Records for this task Start Marker

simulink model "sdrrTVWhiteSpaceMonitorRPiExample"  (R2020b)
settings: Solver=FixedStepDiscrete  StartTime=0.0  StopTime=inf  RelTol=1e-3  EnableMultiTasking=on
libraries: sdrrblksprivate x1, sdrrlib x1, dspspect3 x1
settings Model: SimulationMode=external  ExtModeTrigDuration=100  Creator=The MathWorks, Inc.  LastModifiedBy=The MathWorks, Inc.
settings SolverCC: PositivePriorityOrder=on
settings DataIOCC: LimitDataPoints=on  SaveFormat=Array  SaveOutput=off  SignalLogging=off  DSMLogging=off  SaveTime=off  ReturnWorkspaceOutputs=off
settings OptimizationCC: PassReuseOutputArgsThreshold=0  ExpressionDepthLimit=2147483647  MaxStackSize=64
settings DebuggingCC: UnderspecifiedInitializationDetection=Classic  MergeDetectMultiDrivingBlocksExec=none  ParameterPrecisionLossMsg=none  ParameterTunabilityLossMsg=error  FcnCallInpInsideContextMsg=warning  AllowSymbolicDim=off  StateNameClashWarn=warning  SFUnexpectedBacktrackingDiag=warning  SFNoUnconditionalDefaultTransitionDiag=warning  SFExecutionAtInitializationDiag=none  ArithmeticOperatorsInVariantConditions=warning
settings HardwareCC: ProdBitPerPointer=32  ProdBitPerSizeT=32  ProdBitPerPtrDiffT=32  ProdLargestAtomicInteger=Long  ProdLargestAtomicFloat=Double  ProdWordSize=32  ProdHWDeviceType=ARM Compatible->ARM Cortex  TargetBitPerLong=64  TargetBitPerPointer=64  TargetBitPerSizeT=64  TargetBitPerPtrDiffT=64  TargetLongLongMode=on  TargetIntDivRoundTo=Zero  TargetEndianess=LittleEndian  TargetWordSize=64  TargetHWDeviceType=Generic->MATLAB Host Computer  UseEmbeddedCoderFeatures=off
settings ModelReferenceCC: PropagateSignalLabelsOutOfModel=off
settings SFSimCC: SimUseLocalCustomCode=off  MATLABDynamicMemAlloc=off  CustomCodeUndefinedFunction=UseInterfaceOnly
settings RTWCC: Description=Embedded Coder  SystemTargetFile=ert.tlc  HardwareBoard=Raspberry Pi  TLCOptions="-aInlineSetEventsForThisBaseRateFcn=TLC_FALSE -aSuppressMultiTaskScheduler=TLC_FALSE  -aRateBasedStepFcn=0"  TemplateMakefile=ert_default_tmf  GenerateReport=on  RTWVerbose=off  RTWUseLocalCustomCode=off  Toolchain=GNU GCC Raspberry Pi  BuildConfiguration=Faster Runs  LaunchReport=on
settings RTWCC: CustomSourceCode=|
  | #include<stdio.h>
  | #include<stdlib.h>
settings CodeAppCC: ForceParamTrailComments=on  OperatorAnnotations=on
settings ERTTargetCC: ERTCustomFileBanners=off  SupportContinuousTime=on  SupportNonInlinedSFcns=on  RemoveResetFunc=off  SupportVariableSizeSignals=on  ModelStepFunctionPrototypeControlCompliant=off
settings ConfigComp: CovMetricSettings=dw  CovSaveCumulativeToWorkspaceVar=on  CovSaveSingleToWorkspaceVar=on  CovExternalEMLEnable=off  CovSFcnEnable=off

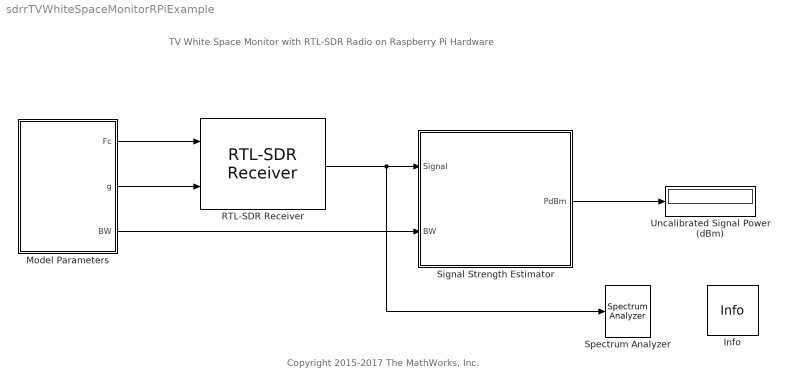
== system sdrrTVWhiteSpaceMonitorRPiExample ==
  note: TV White Space Monitor with RTL-SDR Radio
      | on Raspberry Pi Hardware
  note: Copyright 2015-2017 The MathWorks, Inc.
  Info : sdrrblksprivate/Info  SystemSampleTime=-1  VariantActivationTime=update diagram  Latency=0  AutoFrameSizeCalculation=off
  Model Parameters : Subsystem  mask(Model Parameters){fc=561.25, bw2=200, gain=50}
      mask prompts: fc "Center frequency (MHz):"; bw2 "Two-sided bandwidth (kHz):"; gain "Gain (dB):"
      mask help:
      | Choose TV white space monitor parameters.
      |
      | You can select center frequency of the band you want to monitor. You can set the two-sided bandwidth, which must be less than 2400 kHz. You can also set the tuner gain of the RTL-SDR radio.
      settings: AttributesFormatString=|
      | Fc: %<fc> MHz
      | BW: %<bw2> kHz
      | Gain: %<gain> dB
      mask Help: eval('sdrrdemohelp');
      mask Callback fc:
      | paramBlock = gcb;
      | fc = eval(get_param(paramBlock, 'fc'));
      | set_param([paramBlock '/Center Frequency'], 'Value', num2str(fc*1e6));
      | scope = get_param([bdroot '/Spectrum Analyzer'], 'ScopeConfiguration');
      | scope.FrequencyOffset = num2str(fc*1e6);
      | clear paramBlock fc scope
      mask Callback bw2:
      | paramBlock = gcb;
      | bw2 = eval(get_param(paramBlock, 'bw2'));
      | set_param([paramBlock '/Two-sided BW'], 'Value', num2str(bw2*1e3));
      | clear paramBlock bw2
      mask Callback gain:
      | paramBlock = gcb;
      | gain = get_param(gcb, 'gain');
      | set_param([paramBlock '/Gain'], 'Value', gain);
      | clear paramBlock gain
      mask Display: disp('Model\nParameters')
  RTL-SDR Receiver : sdrrlib/RTL-SDR Receiver  IPAddress=0  CenterFrequencySource=Input port  CenterFrequency=102.5e6  GainSource=Input port  Gain=50  ADCRate=2.4e6  FrequencyCorrection=0  LostSamplesOutputPort=off  LatencyOutputPort=off  OutputDataType=double  FrameLength=256*20  EnableBurstMode=off  NumFramesInBurst=20  sobjType=sdrr.internal.SDRRTLReceiverSL  dataUDPPort=-1  ctrlUDPPort=-1  subDeviceList=nosubdev  sdrBlockType=SDRBlockTypeSLT.SDRRxBlock  requester=UNUSED_BY_SFCN  sdrExecutionMode=SDRExecutionModeSLT.ExecModeHW  BypassUserLogic=off  DecimatorSelect=DDC decimator  SourceSelect=Sine generator  SineAmplitude=16000  EnableInternalClock=off  BypassIQBalance=off  IFBandwidth=40e6  ADCRateSource=Dialog  IntermediateFrequency=0  DecimationFactorSource=Dialog  DecimationFactor=512  RFFrequencyIsTunable=logical(1)  SampleTime=(256*20)/(2.4e6)  IFBandwidthSource=Dialog  SineFrequency=30000  BypassDCBlockingFilter=off  IntermediateFrequencySource=Dialog  IQBalanceCoefficients=64  SkipAllHardwareResetAndInitialization=off  EnableIQCalibrationTable=on  CacheIQCalibrationTable=off  EnableOffsetTuning=off  EnableRTLAGC=off  EnableTestMode=off  EnableTunerAGC=off  FrequencyCorrectionSource=Dialog  NumMLBuffers=128  NumUSBBuffers=16  RTLCrystalFrequency=28800000  TunerCrystalFrequency=28800000
      settings: SourceProductName=Communications Toolbox Support Package for RTL-SDR Radio
  Signal Strength Estimator : Subsystem
  Spectrum Analyzer : SpectrumAnalyzer
  Uncalibrated Signal Power (dBm) : Display
  wires:
  Model Parameters/2(g) -> RTL-SDR Receiver/2
  Model Parameters/1(Fc) -> RTL-SDR Receiver/1
  RTL-SDR Receiver/1 -> Spectrum Analyzer/1, Signal Strength Estimator/1(Signal)
  Signal Strength Estimator/1(PdBm) -> Uncalibrated Signal Power (dBm)/1
  Model Parameters/3(BW) -> Signal Strength Estimator/2(BW)

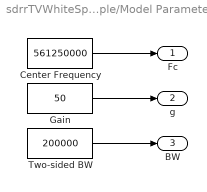
== system sdrrTVWhiteSpaceMonitorRPiExample/Model Parameters ==
  Center Frequency : Constant  Value=561250000
  Gain : Constant  Value=50
  Two-sided BW : Constant  Value=200000
  Fc : Outport  VectorParamsAs1DForOutWhenUnconnected=off
  g : Outport  Port=2  VectorParamsAs1DForOutWhenUnconnected=off
  BW : Outport  Port=3  VectorParamsAs1DForOutWhenUnconnected=off
  wires:
  Gain/1 -> g/1
  Center Frequency/1 -> Fc/1
  Two-sided BW/1 -> BW/1

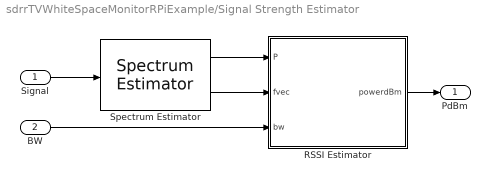
== system sdrrTVWhiteSpaceMonitorRPiExample/Signal Strength Estimator ==
  Signal : Inport
  BW : Inport  Port=2
  RSSI Estimator : MATLAB Function  TreatAsAtomicUnit=on
  Spectrum Estimator : dspspect3/Spectrum Estimator  Method=Welch  NumTapsPerBand=12  SpectrumType=Power  FrequencyResolutionMethod=Window length  FilterBankResolutionMethod=Number of frequency bands  RBW=5  WindowLength=1024  FrequencyBandsSource=Same as input frame size  FrequencyBands=1024  FFTLengthSource=Property  FFTLength=2^14  InheritSampleRate=on  SampleRate=44100  Window=Hann  SidelobeAttenuation=60  AveragingMethod=Running  SpectralAverages=1  ForgettingFactorPort=off  ForgettingFactor=0.9  Overlap=0  ReferenceLoad=1  FrequencyRange=Centered  PowerUnits=Watts  OutputMaxHoldSpectrum=off  OutputMinHoldSpectrum=off  OutputFrequencyVector=on  OutputRBW=off  SimulateUsing=Code generation
      settings: SourceProductName=DSP System Toolbox
  PdBm : Outport  VectorParamsAs1DForOutWhenUnconnected=off
  wires:
  BW/1 -> RSSI Estimator/3(bw)
  RSSI Estimator/1(powerdBm) -> PdBm/1
  Signal/1 -> Spectrum Estimator/1
  Spectrum Estimator/1 -> RSSI Estimator/1(P)
  Spectrum Estimator/2 -> RSSI Estimator/2(fvec)

== matlab function sdrrTVWhiteSpaceMonitorRPiExample/Signal Strength Estimator/RSSI Estimator ==
  data: P input; powerdBm output; fvec input [0..3.2e6]; bw input
function powerdBm = rssi(P, fvec, bw)
%#codegen

powerWatt = sum(P(abs(fvec) < bw/2));
powerdBm = 10*log10(powerWatt/1e-3);

Records for this task End Marker

◆ **Description of the task**
Using the entries above, work out how many lines include the word "eval", and give only that count.

◆ **Output below**
3